Exercise requirements —
Whenever a line contains the string "SkipClean", copy it out of the entries.

Exercise inputs —
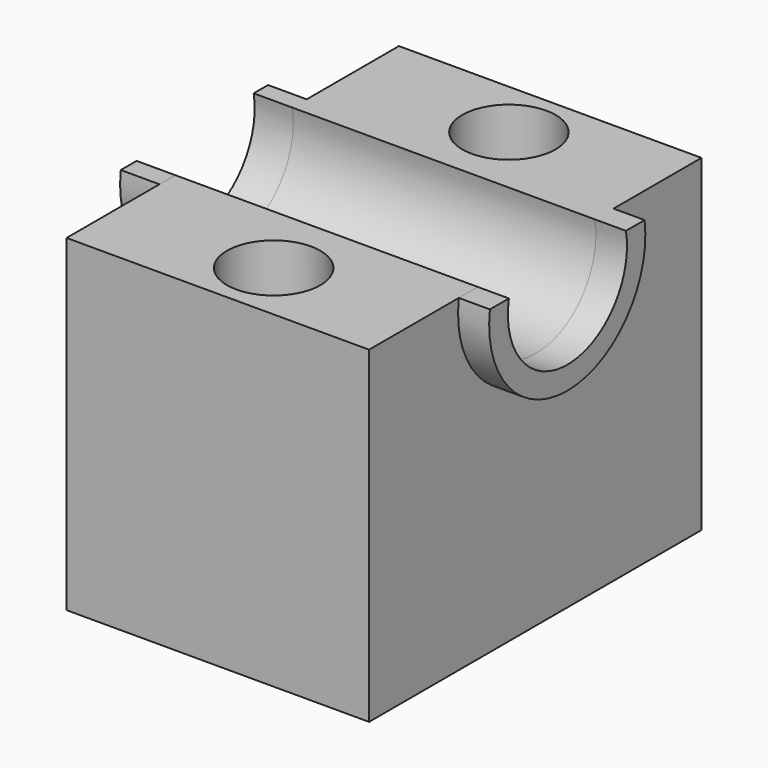
from build123d import *
from build123d import SkipClean  # not in build123d's __all__

# Parameters (mm, degrees)
F0_W     = 101.3660542667
F0_H     = 109.7881607711
F1_DEPTH = 69.596
F3_DEPTH = 101.3670542667
F5_DEPTH = 10.414
F7_DEPTH = 12.954
F8_R     = 15.6385789161
F9_DEPTH = 109.7891607711


# Not quite as in the source:
# - after a boolean that leaves OpenCascade's solid faulty, fix() repairs it


with BuildPart() as f1:
    # F0 (on Front) → F1 (new body, symmetric)
    with BuildSketch(Plane.XZ):
        with Locations((-2.2559221834, -7.3693413287)):
            Rectangle(F0_W, F0_H)
    extrude(amount=F1_DEPTH, both=True)

    # F2 (on face) → F3 (cut, through all)
    with BuildSketch(Plane.YZ.offset(48.42710495)):
        with BuildLine():
            Line((24.9655246735, 47.5247390568), (-24.0631587803, 47.5247390568))
            ThreePointArc((-24.0631587803, 47.5247390568), (0.4511829466, 18.0011880568), (24.9655246735, 47.5247390568))
        make_face()
    extrude(amount=-F3_DEPTH, mode=Mode.SUBTRACT)

    # F4 (on face) → F5 (join)
    with BuildSketch(Plane.YZ.offset(48.42710495)):
        with BuildLine():
            Line((-24.0631587803, 47.5247390568), (-32.028503716, 47.5247390568))
            ThreePointArc((-32.028503716, 47.5247390568), (0.372864306, 10.3342526114), (32.7742323279, 47.5247390568))
            Line((32.7742323279, 47.5247390568), (24.9655246735, 47.5247390568))
            ThreePointArc((24.9655246735, 47.5247390568), (0.4511829466, 18.0011880568), (-24.0631587803, 47.5247390568))
        make_face()
    with SkipClean():  # cleaning this boolean's faces spoils the solid; the shape is the same uncleaned
        extrude(amount=F5_DEPTH)

    # F6 (on face) → F7 (join)
    with BuildSketch(Plane(origin=(-52.9389493167, 0, 0), x_dir=(0, -1, 0), z_dir=(-1, 0, 0))):
        with BuildLine():
            Line((-24.9655246735, 47.5247390568), (-30.9813152999, 47.5247390568))
            ThreePointArc((-30.9813152999, 47.5247390568), (-0.1503955573, 12.1180891172), (30.6805241853, 47.5247390568))
            Line((30.6805241853, 47.5247390568), (24.0631587803, 47.5247390568))
            ThreePointArc((24.0631587803, 47.5247390568), (-0.4511829466, 18.0011880568), (-24.9655246735, 47.5247390568))
        make_face()
    extrude(amount=F7_DEPTH)

    add(f1.part.fix(), mode=Mode.REPLACE)

    # F8 (on face) → F9 (cut, through all)
    with BuildSketch(Plane.XY.offset(47.5247390568)):
        with Locations((0, 49.4834557176)):
            Circle(F8_R)
        with Locations((-2.8148e-06, -49.0286834538)):
            Circle(F8_R)
    extrude(amount=-F9_DEPTH, mode=Mode.SUBTRACT)


solid = f1.part
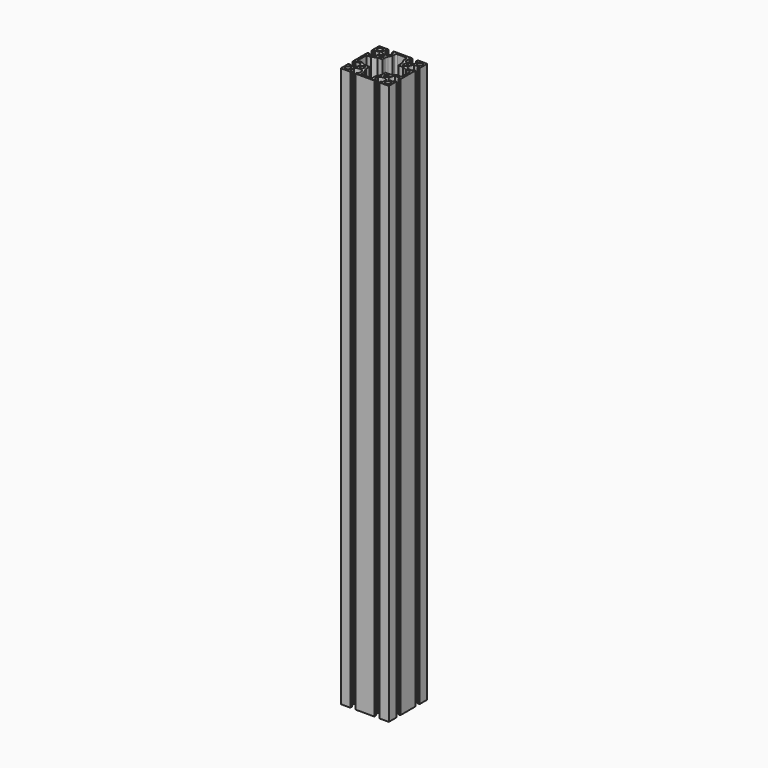
from build123d import *

# Parameters (mm, degrees)
F0_R     = 3
F0_R_2   = 2.5
F1_DEPTH = 700
F2_R     = 2
F3_R     = 7


# Not quite as in the source:
# - a feature names something its author has since deleted; it is built from what else it names


with BuildPart() as f1:
    # F0 (on Top) → F1 (new body)
    with BuildSketch(Plane.XY):
        with BuildLine():
            Line((18.15, -30), (30, -30))
            Line((30, -30), (30, -18.15))
            Line((30, -18.15), (27.5, -18.15))
            Line((27.5, -18.15), (27.5, -20.15))
            Line((27.5, -20.15), (21.5477069044, -20.15))
            ThreePointArc((21.5477069044, -20.15), (19.5, -15), (21.5477069044, -9.85))
            Line((21.5477069044, -9.85), (27.5, -9.85))
            Line((27.5, -9.85), (27.5, -11.85))
            Line((27.5, -11.85), (30, -11.85))
            Line((30, -11.85), (30, 11.85))
            Line((30, 11.85), (27.5, 11.85))
            Line((27.5, 11.85), (27.5, 9.85))
            Line((27.5, 9.85), (21.5477069044, 9.85))
            ThreePointArc((21.5477069044, 9.85), (19.5, 15), (21.5477069044, 20.15))
            Line((21.5477069044, 20.15), (27.5, 20.15))
            Line((27.5, 20.15), (27.5, 18.15))
            Line((27.5, 18.15), (30, 18.15))
            Line((30, 18.15), (30, 30))
            Line((30, 30), (18.15, 30))
            Line((18.15, 30), (18.15, 27.5))
            Line((18.15, 27.5), (20.15, 27.5))
            Line((20.15, 27.5), (20.15, 21.5477069044))
            ThreePointArc((20.15, 21.5477069044), (15, 19.5), (9.85, 21.5477069044))
            Line((9.85, 21.5477069044), (9.85, 27.5))
            Line((9.85, 27.5), (11.85, 27.5))
            Line((11.85, 27.5), (11.85, 30))
            Line((11.85, 30), (-11.85, 30))
            Line((-11.85, 30), (-11.85, 27.5))
            Line((-11.85, 27.5), (-9.85, 27.5))
            Line((-9.85, 27.5), (-9.85, 21.5477069044))
            ThreePointArc((-9.85, 21.5477069044), (-15, 19.5), (-20.15, 21.5477069044))
            Line((-20.15, 21.5477069044), (-20.15, 27.5))
            Line((-20.15, 27.5), (-18.15, 27.5))
            Line((-18.15, 27.5), (-18.15, 30))
            Line((-18.15, 30), (-30, 30))
            Line((-30, 30), (-30, 18.15))
            Line((-30, 18.15), (-27.5, 18.15))
            Line((-27.5, 18.15), (-27.5, 20.15))
            Line((-27.5, 20.15), (-21.5477069044, 20.15))
            ThreePointArc((-21.5477069044, 20.15), (-19.5, 15), (-21.5477069044, 9.85))
            Line((-21.5477069044, 9.85), (-27.5, 9.85))
            Line((-27.5, 9.85), (-27.5, 11.85))
            Line((-27.5, 11.85), (-30, 11.85))
            Line((-30, 11.85), (-30, -11.85))
            Line((-30, -11.85), (-27.5, -11.85))
            Line((-27.5, -11.85), (-27.5, -9.85))
            Line((-27.5, -9.85), (-21.5477069044, -9.85))
            ThreePointArc((-21.5477069044, -9.85), (-19.5, -15), (-21.5477069044, -20.15))
            Line((-21.5477069044, -20.15), (-27.5, -20.15))
            Line((-27.5, -20.15), (-27.5, -18.15))
            Line((-27.5, -18.15), (-30, -18.15))
            Line((-30, -18.15), (-30, -30))
            Line((-30, -30), (-18.15, -30))
            Line((-18.15, -30), (-18.15, -27.5))
            Line((-18.15, -27.5), (-20.15, -27.5))
            Line((-20.15, -27.5), (-20.15, -21.5477069044))
            ThreePointArc((-20.15, -21.5477069044), (-15, -19.5), (-9.85, -21.5477069044))
            Line((-9.85, -21.5477069044), (-9.85, -27.5))
            Line((-9.85, -27.5), (-11.85, -27.5))
            Line((-11.85, -27.5), (-11.85, -30))
            Line((-11.85, -30), (11.85, -30))
            Line((11.85, -30), (11.85, -27.5))
            Line((11.85, -27.5), (9.85, -27.5))
            Line((9.85, -27.5), (9.85, -21.5477069044))
            ThreePointArc((9.85, -21.5477069044), (15, -19.5), (20.15, -21.5477069044))
            Line((20.15, -21.5477069044), (20.15, -27.5))
            Line((20.15, -27.5), (18.15, -27.5))
            Line((18.15, -27.5), (18.15, -30))
        make_face()
        with Locations((-25, -25)):
            Circle(F0_R, mode=Mode.SUBTRACT)
        with Locations((-15, -15)):
            Circle(F0_R_2, mode=Mode.SUBTRACT)
        with Locations((25, -25)):
            Circle(F0_R, mode=Mode.SUBTRACT)
        with Locations((15, -15)):
            Circle(F0_R_2, mode=Mode.SUBTRACT)
        with Locations((-25, 25)):
            Circle(F0_R, mode=Mode.SUBTRACT)
        with Locations((-15, 15)):
            Circle(F0_R_2, mode=Mode.SUBTRACT)
        Polygon((-7, 22), (-7, 27.5), (0, 27.5), (7, 27.5), (7, 22), (10, 16), (10, 10), (16, 10), (22, 7), (27.5, 7), (27.5, 0), (27.5, -7), (22, -7), (16, -10), (10, -10), (10, -16), (7, -22), (7, -27.5), (0, -27.5), (-7, -27.5), (-7, -22), (-10, -16), (-10, -10), (-16, -10), (-22, -7), (-27.5, -7), (-27.5, 0), (-27.5, 7), (-22, 7), (-16, 10), (-10, 10), (-10, 16), align=None, mode=Mode.SUBTRACT)
        with Locations((15, 15)):
            Circle(F0_R_2, mode=Mode.SUBTRACT)
        with Locations((25, 25)):
            Circle(F0_R, mode=Mode.SUBTRACT)
    extrude(amount=F1_DEPTH)

    # F2
    f2_edges = [f1.edges().sort_by_distance(p)[0] for p in [
        (-7, 27.5, 350),
        (7, 27.5, 350),
    ]]
    fillet(f2_edges, radius=F2_R)

    # F3
    f3_edges = [f1.edges().sort_by_distance(p)[0] for p in [
        (-10, 16, 350),
        (10, 16, 350),
    ]]
    fillet(f3_edges, radius=F3_R)


solid = f1.part

Solution to the exercise —
from build123d import SkipClean  # not in build123d's __all__
    with SkipClean():  # cleaning this boolean's faces spoils the solid; the shape is the same uncleaned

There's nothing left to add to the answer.